The SearchObject subroutine adds nodes to the treeview for each successful search result. Upon SearchObject's return, PerformSearch() must determine whether the subroutine added any results nodes to the treeview for the current entity type. If not, the code removes the node it added earlier for this database and decrements the count. Next, the code looks to see whether the subroutine got any results, for any of the entity types. If the root node has no children, SearchObject didn't find anything that matched the search target. In this case, the code tells the user that the search found no matches. If the subroutine did get results, the code tells the user that the search completed successfully and reports how many matching entity names the subroutine found. To calculate the number of matches, the code takes the total number of nodes in the treeview, subtracts 1 for the root node, and subtracts the number of nodes representing databases. This process provides a quick count without traversing the treeview.

The SearchObject subroutine, which Web Listing 4 shows, starts by declaring two variables: dmoColumn, of the SQL-DMO type Column, and dmoObject, of the generic VB type Object. However, you can use the same code no matter which type of SQL entity you're looking at. For example, the dmoCollection parameter is type Object, although the parameter passed to dmoCollection might be SQL-DMO type Table, StoredProcedure, View, or User.

SearchObject has two paths: one for columns and one for other SQL entity types. The code for the other types loops through each dmoObject in the dmoCollection, displays some descriptive feedback in the status bar, and performs the comparison. The code uses the VB like operator because like lets you use wildcards and other search expressions. If the object's Name property is like the target search text, then a potential search result exists. Before adding the object to the treeview, however, the code must determine whether the object is a system object and whether the user wants to include system objects. The code makes this determination by examining the SystemObject property of each object in the collection. If this property is True, then you're looking at a system object. If the object meets all criteria, the code adds the object to the Search Results.

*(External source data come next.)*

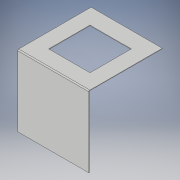
# Autodesk Inventor part: Part1
Saved by Autodesk Inventor 2019 (Build 230136000, 136)
## iProperties
Created: 2019-12-05
Part Number: Part1
Material: Generic
Document SubType Name: Sheet Metal
Designer: User
Density: 1 g/cm^3
Sheet Metal Rule: Default
Appearance: Default
Author: User
Autodesk Inventor part; units mm, degrees
ref_plane "YZ Plane" through (0, 0, 0) normal (1, 0, 0) x (0, 1, 0)
ref_plane "XZ Plane" through (0, 0, 0) normal (0, 1, 0) x (-1, 0, 0)
ref_plane "XY Plane" through (0, 0, 0) normal (0, 0, 1) x (1, 0, 0)
sketch "Sketch1" plane through (0, 0, 0) normal (0, 1, 0) x (-1, 0, 0)
  line L0 (-49.2125, 50.8) -> (49.2125, 50.8)
  line L1 (49.2125, 50.8) -> (49.2125, -50.8)
  line L2 (49.2125, -50.8) -> (-49.2125, -50.8)
  line L3 (-49.2125, -50.8) -> (-49.2125, 50.8)
  line L4 (-49.2125, 50.8) -> (49.2125, -50.8) construction
  line L5 (49.2125, 50.8) -> (-49.2125, -50.8) construction
  point P0 (0, 0)
  dimension "d0" = 98.425
  dimension "d1" = 101.6
  measures "d0" distance of L1.end L2.end
  measures "d1" distance of L0.end L1.end
extrude "Plate1" add sketch "Sketch1" along normal blind 0.7144
sketch "Sketch2" plane through (-49.2125, 0.7144, 50.0856) normal (0, 0, 1) x (1, 0, 0)
  line L0 (98.425, 0) -> (0, 0)
  line L1 (0, 0) -> (0, -98.425)
  line L2 (0, -98.425) -> (98.425, -98.425)
  line L3 (98.425, -98.425) -> (98.425, 0)
  constraints: 6 end point, 1 horizontal, 1 perpendicular, 1 vertical
edge flange "Flange1" height 98.425 angle 90 thickness 0.7144 bend radius 0.7144 thickness toward (0, 0, 1) relief tear relief width 0.7144 relief depth 0.3572 edges at (0, 0, 50.8) wall of the first edge with corners at (49.2125, 0.7144, 50.0856) (-49.2125, 0.7144, 50.0856) (-49.2125, -97.7106, 50.0856) (49.2125, -97.7106, 50.0856)
bend "Bend1"
corner "Corner1"
sketch "Sketch3" plane through (0, 0.7144, 0) normal (0, 1, 0) x (1, 0, 0)
  line L0 (28.575, -28.575) -> (-28.575, -28.575)
  line L1 (-28.575, -28.575) -> (-28.575, 28.575)
  line L2 (-28.575, 28.575) -> (28.575, 28.575)
  line L3 (28.575, 28.575) -> (28.575, -28.575)
  line L4 (28.575, -28.575) -> (-28.575, 28.575) construction
  line L5 (-28.575, -28.575) -> (28.575, 28.575) construction
  point P0 (0, 0)
  dimension "d13" = 57.15
  dimension "d14" = 57.15
  constraints: 12 end point, 2 midpoint, 2 parallel, 1 horizontal, 1 perpendicular
  measures "d13" distance of L1.end L2.end
  measures "d14" distance of L0.end L1.end
extrude "Extrusion1" cut sketch "Sketch3" against normal blind 0.7144
equation "\"d15\" = Thickness"
equation "\"d2\" = Thickness"
equation "\"d3\" = BendReliefWidth"
equation "\"d4\" = BendReliefDepth"
equation "\"d5\" = MinimumRemnant"
equation "\"d6\" = TransitionRadius"
equation "\"d9\" = BendRadius"
equation "\"d10\" = CornerReliefSize"
equation "\"d11\" = GapSize"
equation "\"d12\" = JacobiRadiusSize"
equation "\"BendRadius\" = Thickness"
equation "\"BendReliefWidth\" = Thickness"
equation "\"BendReliefDepth\" = 0.5 * Thickness"
equation "\"CornerReliefSize\" = 4 * Thickness"
equation "\"MinimumRemnant\" = 2 * Thickness"
equation "\"TransitionRadius\" = BendRadius"
equation "\"JacobiRadiusSize\" = BendRadius"
equation "\"GapSize\" = Thickness"
equation "\"Thickness\" = 0.714375"
body "Solid1"

The only difference for processing columns is that the Database object doesn't have a direct connection to the Columns collection. The code needs an outer For Each loop to iterate through all the tables in the database and an inner For Each loop to iterate through each column in each table. Otherwise, the logic is essentially the same as for processing other entity types. The code then cleans up its temporary variables and completes. Finally, the Form_QueryUnload event procedure cleans up variables and exits.

A Test Drive

To test the application, set the search target and other options to match the values in Figure 4, then click Search Now. You should see results similar to those in Figure 4, representing the stored procedures, views, table, and column that matched the search target of *sales*. The ability to search all sorts of entities in multiple databases, and to do so with wildcard characters, is a powerful application of SQL-DMO. But this search application is just one of many potential uses for SQL-DMO. You could even build your own "enterprise manager," adding to it all the features you wish Microsoft had included in its Enterprise Manager.